The resin of the wood of Guaiacum officinale, Linné, or of Guaiacum sanctum, Linné (Nat. Ord. Zygophyllaceae). West Indian trees. Dose, 5 to 30 grains.
Common Names: Resin of Guaiac, Guaiac.

Description.—Greenish, gray-brown fragments, masses or tears of a balsamic odor and slightly acrid taste. Usually admixed with fragments of vegetable tissues. Easily soluble in alcohol, ether and chloroform. Dose, 5 to 15 grains.
Principal Constituents.—Three resins: guaiaconic acid (70 per cent), guaiacic acid, and guaiaretic acid.
Preparations.—1. Specific Medicine Guaiacum. Dose, 5 to 30 drops.
2. Tinctura Guaiaci Ammoniata, Ammoniated Tincture of Guaiac (Guaiac, 20 per cent, in Aromatic Spirit of Ammonia). Dose, 10 to 30 drops.
Specific Indications.—Dryness and stiffness of the throat with tumid, swollen tonsils, painful deglutition and dribbling of saliva; incipient tonsillitis (early); rheumatic pharyngitis.

Action and Therapy.—External. The ammoniated tincture or the dilution of the specific medicine (1 to 3 of alcohol), added to water, acts efficiently as a gargle or preferably a wash, for the forms of sore throat mentioned below.

Internal. Guaiac once had considerable vogue as a remedy for syphilis, but is practically out of use in that disease at the present day.
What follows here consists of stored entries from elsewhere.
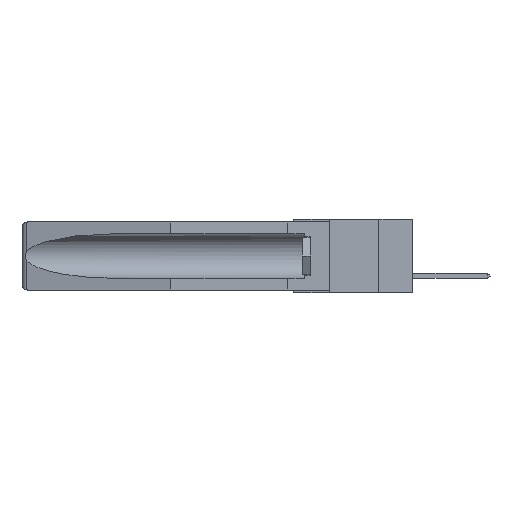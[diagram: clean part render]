
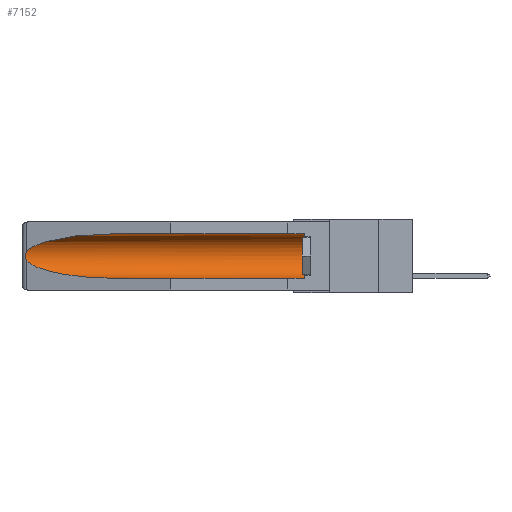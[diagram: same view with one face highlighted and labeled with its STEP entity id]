
A CAD part, left-side view. The second image highlights one B-rep face of the part: STEP entity #7152.
In plain terms, the highlighted cylindrical face has radius 2.857 mm (diameter 5.715 mm), a partial arc.
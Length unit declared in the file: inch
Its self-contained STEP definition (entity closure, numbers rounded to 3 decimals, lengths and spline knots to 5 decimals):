
#70 = CARTESIAN_POINT ( 'NONE',  ( 0.155, 1.07973, -0.284 ) ) ;
#157 = EDGE_CURVE ( 'NONE', #4583, #22965, #17708, .T. ) ;
#177 = B_SPLINE_CURVE_WITH_KNOTS ( 'NONE', 3,
 ( #16768, #13130, #5943, #20086, #11157, #260, #22140, #5716, #7740, #16540 ),
 .UNSPECIFIED., .F., .F.,
 ( 4, 2, 2, 2, 4 ),
 ( 0., 0.00029, 0.00058, 0.00087, 0.00117 ),
 .UNSPECIFIED. ) ;
#260 = CARTESIAN_POINT ( 'NONE',  ( 0.2675, 1.53308, -0.17534 ) ) ;
#667 = VERTEX_POINT ( 'NONE', #22013 ) ;
#1277 = AXIS2_PLACEMENT_3D ( 'NONE', #19700, #12644, #16241 ) ;
#1362 = CARTESIAN_POINT ( 'NONE',  ( 0.26537, 1.52718, -0.14972 ) ) ;
#3206 = ORIENTED_EDGE ( 'NONE', *, *, #15654, .T. ) ;
#3761 = FACE_OUTER_BOUND ( 'NONE', #9594, .T. ) ;
#4583 = VERTEX_POINT ( 'NONE', #7390 ) ;
#4636 = ORIENTED_EDGE ( 'NONE', *, *, #4979, .F. ) ;
#4810 = LINE ( 'NONE', #12451, #5923 ) ;
#4916 = ORIENTED_EDGE ( 'NONE', *, *, #11401, .T. ) ;
#4979 = EDGE_CURVE ( 'NONE', #4583, #667, #4810, .T. ) ;
#5716 = CARTESIAN_POINT ( 'NONE',  ( 0.26655, 1.53094, -0.18657 ) ) ;
#5923 = VECTOR ( 'NONE', #19657, 39.37008 ) ;
#5943 = CARTESIAN_POINT ( 'NONE',  ( 0.26654, 1.53092, -0.15636 ) ) ;
#7152 = ADVANCED_FACE ( 'NONE', ( #3761 ), #22407, .F. ) ;
#7186 = DIRECTION ( 'NONE',  ( 0., 1., 0. ) ) ;
#7390 = CARTESIAN_POINT ( 'NONE',  ( 0.155, 0.126, -0.284 ) ) ;
#7426 = CARTESIAN_POINT ( 'NONE',  ( 0.155, -0.30754, -0.1715 ) ) ;
#7740 = CARTESIAN_POINT ( 'NONE',  ( 0.26597, 1.5296, -0.19026 ) ) ;
#7965 = AXIS2_PLACEMENT_3D ( 'NONE', #7426, #7186, #10779 ) ;
#8923 = CARTESIAN_POINT ( 'NONE',  ( 0.26537, 1.52718, -0.14972 ) ) ;
#8979 = CARTESIAN_POINT ( 'NONE',  ( 0.25451, 1.48313, -0.24835 ) ) ;
#9292 = ORIENTED_EDGE ( 'NONE', *, *, #157, .T. ) ;
#9594 = EDGE_LOOP ( 'NONE', ( #10527, #4916, #3206, #4636, #9292, #17891 ) ) ;
#9619 = VECTOR ( 'NONE', #18152, 39.37008 ) ;
#10002 = EDGE_CURVE ( 'NONE', #22965, #20564, #22347, .T. ) ;
#10527 = ORIENTED_EDGE ( 'NONE', *, *, #13786, .T. ) ;
#10779 = DIRECTION ( 'NONE',  ( 0., 0., 1. ) ) ;
#11037 =( BOUNDED_CURVE ( )  B_SPLINE_CURVE ( 3, ( #14001, #11938, #17457, #1362 ),
 .UNSPECIFIED., .F., .F. ) 
 B_SPLINE_CURVE_WITH_KNOTS ( ( 4, 4 ),
 ( 4.71239, 6.08839 ),
 .UNSPECIFIED. ) 
 CURVE ( )  GEOMETRIC_REPRESENTATION_ITEM ( )  RATIONAL_B_SPLINE_CURVE ( ( 1., 0.848, 0.848, 1. ) ) 
 REPRESENTATION_ITEM ( '' )  );
#11157 = CARTESIAN_POINT ( 'NONE',  ( 0.2675, 1.53308, -0.16763 ) ) ;
#11209 = CARTESIAN_POINT ( 'NONE',  ( 0.155, 0.126, -0.059 ) ) ;
#11401 = EDGE_CURVE ( 'NONE', #13342, #14690, #177, .T. ) ;
#11761 =( BOUNDED_CURVE ( )  B_SPLINE_CURVE ( 3, ( #14393, #8979, #21698, #70 ),
 .UNSPECIFIED., .F., .F. ) 
 B_SPLINE_CURVE_WITH_KNOTS ( ( 4, 4 ),
 ( 0.1948, 1.5708 ),
 .UNSPECIFIED. ) 
 CURVE ( )  GEOMETRIC_REPRESENTATION_ITEM ( )  RATIONAL_B_SPLINE_CURVE ( ( 1., 0.848, 0.848, 1. ) ) 
 REPRESENTATION_ITEM ( '' )  );
#11938 = CARTESIAN_POINT ( 'NONE',  ( 0.21114, 1.30732, -0.059 ) ) ;
#12451 = CARTESIAN_POINT ( 'NONE',  ( 0.155, -0.30754, -0.284 ) ) ;
#12644 = DIRECTION ( 'NONE',  ( 0., -1., 0. ) ) ;
#13130 = CARTESIAN_POINT ( 'NONE',  ( 0.26597, 1.52961, -0.15275 ) ) ;
#13342 = VERTEX_POINT ( 'NONE', #8923 ) ;
#13786 = EDGE_CURVE ( 'NONE', #20564, #13342, #11037, .T. ) ;
#14001 = CARTESIAN_POINT ( 'NONE',  ( 0.155, 1.07973, -0.059 ) ) ;
#14393 = CARTESIAN_POINT ( 'NONE',  ( 0.26537, 1.52718, -0.19328 ) ) ;
#14690 = VERTEX_POINT ( 'NONE', #22626 ) ;
#15654 = EDGE_CURVE ( 'NONE', #14690, #667, #11761, .T. ) ;
#16241 = DIRECTION ( 'NONE',  ( 0., 0., 1. ) ) ;
#16540 = CARTESIAN_POINT ( 'NONE',  ( 0.26537, 1.52718, -0.19328 ) ) ;
#16768 = CARTESIAN_POINT ( 'NONE',  ( 0.26537, 1.52718, -0.14972 ) ) ;
#17457 = CARTESIAN_POINT ( 'NONE',  ( 0.25451, 1.48313, -0.09465 ) ) ;
#17708 = CIRCLE ( 'NONE', #1277, 0.1125 ) ;
#17891 = ORIENTED_EDGE ( 'NONE', *, *, #10002, .T. ) ;
#18152 = DIRECTION ( 'NONE',  ( 0., 1., 0. ) ) ;
#19657 = DIRECTION ( 'NONE',  ( 0., 1., 0. ) ) ;
#19700 = CARTESIAN_POINT ( 'NONE',  ( 0.155, 0.126, -0.1715 ) ) ;
#19724 = CARTESIAN_POINT ( 'NONE',  ( 0.155, -0.30754, -0.059 ) ) ;
#20086 = CARTESIAN_POINT ( 'NONE',  ( 0.2673, 1.5327, -0.16383 ) ) ;
#20564 = VERTEX_POINT ( 'NONE', #23271 ) ;
#21698 = CARTESIAN_POINT ( 'NONE',  ( 0.21114, 1.30732, -0.284 ) ) ;
#22013 = CARTESIAN_POINT ( 'NONE',  ( 0.155, 1.07973, -0.284 ) ) ;
#22140 = CARTESIAN_POINT ( 'NONE',  ( 0.2673, 1.53269, -0.17917 ) ) ;
#22347 = LINE ( 'NONE', #19724, #9619 ) ;
#22407 = CYLINDRICAL_SURFACE ( 'NONE', #7965, 0.1125 ) ;
#22626 = CARTESIAN_POINT ( 'NONE',  ( 0.26537, 1.52718, -0.19328 ) ) ;
#22965 = VERTEX_POINT ( 'NONE', #11209 ) ;
#23271 = CARTESIAN_POINT ( 'NONE',  ( 0.155, 1.07973, -0.059 ) ) ;
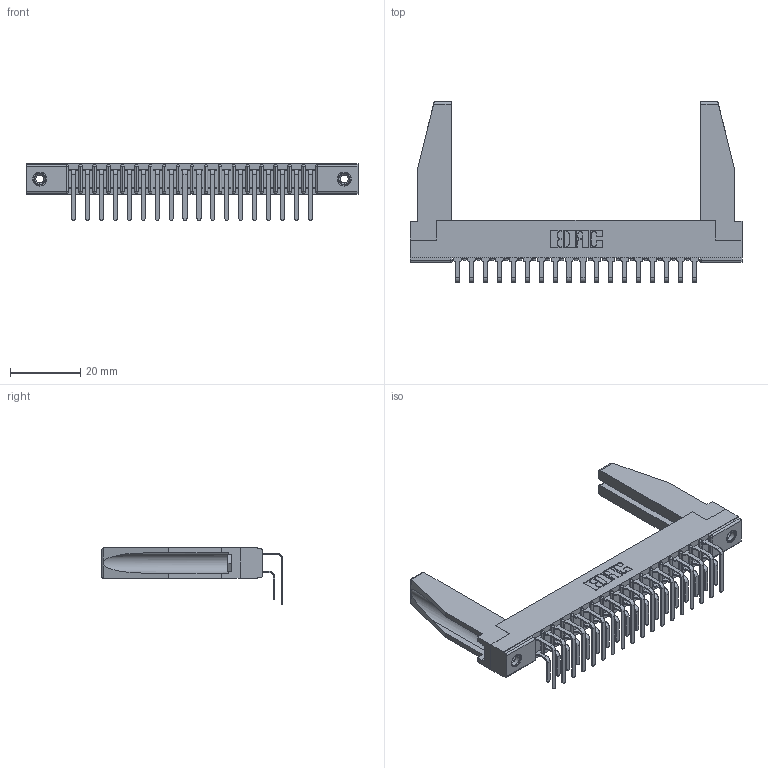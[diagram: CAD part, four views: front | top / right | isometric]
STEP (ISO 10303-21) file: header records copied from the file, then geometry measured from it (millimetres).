
FILE_DESCRIPTION (( 'STEP AP203' ), '1' );
FILE_NAME ('357-018-459-178.STEP', '2020-10-01T00:15:50', ( '' ), ( '' ), 'SwSTEP 2.0', 'SolidWorks 2020', '' );
FILE_SCHEMA (( 'CONFIG_CONTROL_DESIGN' ));
Length unit declared in the file: inch
Products named in the file (6): 307 Part_.156 Dia Mounting Holes; 357-018-459-178; 307-220-078; 345-250-001_345-250-001-102; 307-290-001_558 559 - 1 (Single); 307-290-001_559 - 2 (Single)
Assembly tree (41 placements, depth 2):
  357-018-459-178
    307 Part_.156 Dia Mounting Holes
    307-290-001_558 559 - 1 (Single)  x18
    307-290-001_559 - 2 (Single)  x18
    307-220-078  x2
    345-250-001_345-250-001-102  x2
Bounding box: 94.34 x 51.4 x 16.08 mm (x, y, z)
Volume: 10323.9 mm3; surface area: 15695.3 mm2
Topology: 41 solids, 41 shells, 2067 faces, 5765 edges, 3734 vertices
Faces by surface type: plane 1342, cylinder 671, sphere 38, cone 12, torus 4
Entity records: 22852 total; most frequent: CARTESIAN_POINT 3758, ORIENTED_EDGE 3680, DIRECTION 3644, EDGE_CURVE 1840, LINE 1404, VECTOR 1404, VERTEX_POINT 1192, AXIS2_PLACEMENT_3D 1120

It was also much used in rheumatism, in which it has a better claim to efficiency. Guaiac is laxative, expectorant, and diaphoretic. When it fails to act upon the skin it usually stimulates the kidneys. Large doses may occasion gastro-intestinal inflammation. It has somewhat of an antiseptic action, which is extended to the secretions caused by it.

The chief uses for guaiac are in rheumatic pharyngitis or rheumatic sore throat and incipient tonsillitis, with angry, red, raw-looking surfaces, where the parts appear to be severely inflamed or greatly congested. The latter may be the type which is the forerunner of an attack of acute inflammatory rheumatism—the tonsils being the foci of infection. In such cases it acts better than in other forms of amygdalitis. While seemingly indicated in active conditions in sore throat and in chronic rheumatism, it is best adapted to passive conditions-cold hands and feet, feeble circulation, and vital depression. In general plethora or inflammation of the gastro-enteric tract it is usually contraindicated. Guaiac has been much employed in chronic sore throat of syphilitic origin. The best form of administration is a fourfold dilution of specific medicine, mixed with syrup and water. Stronger preparations than this diluted tincture precipitate heavily.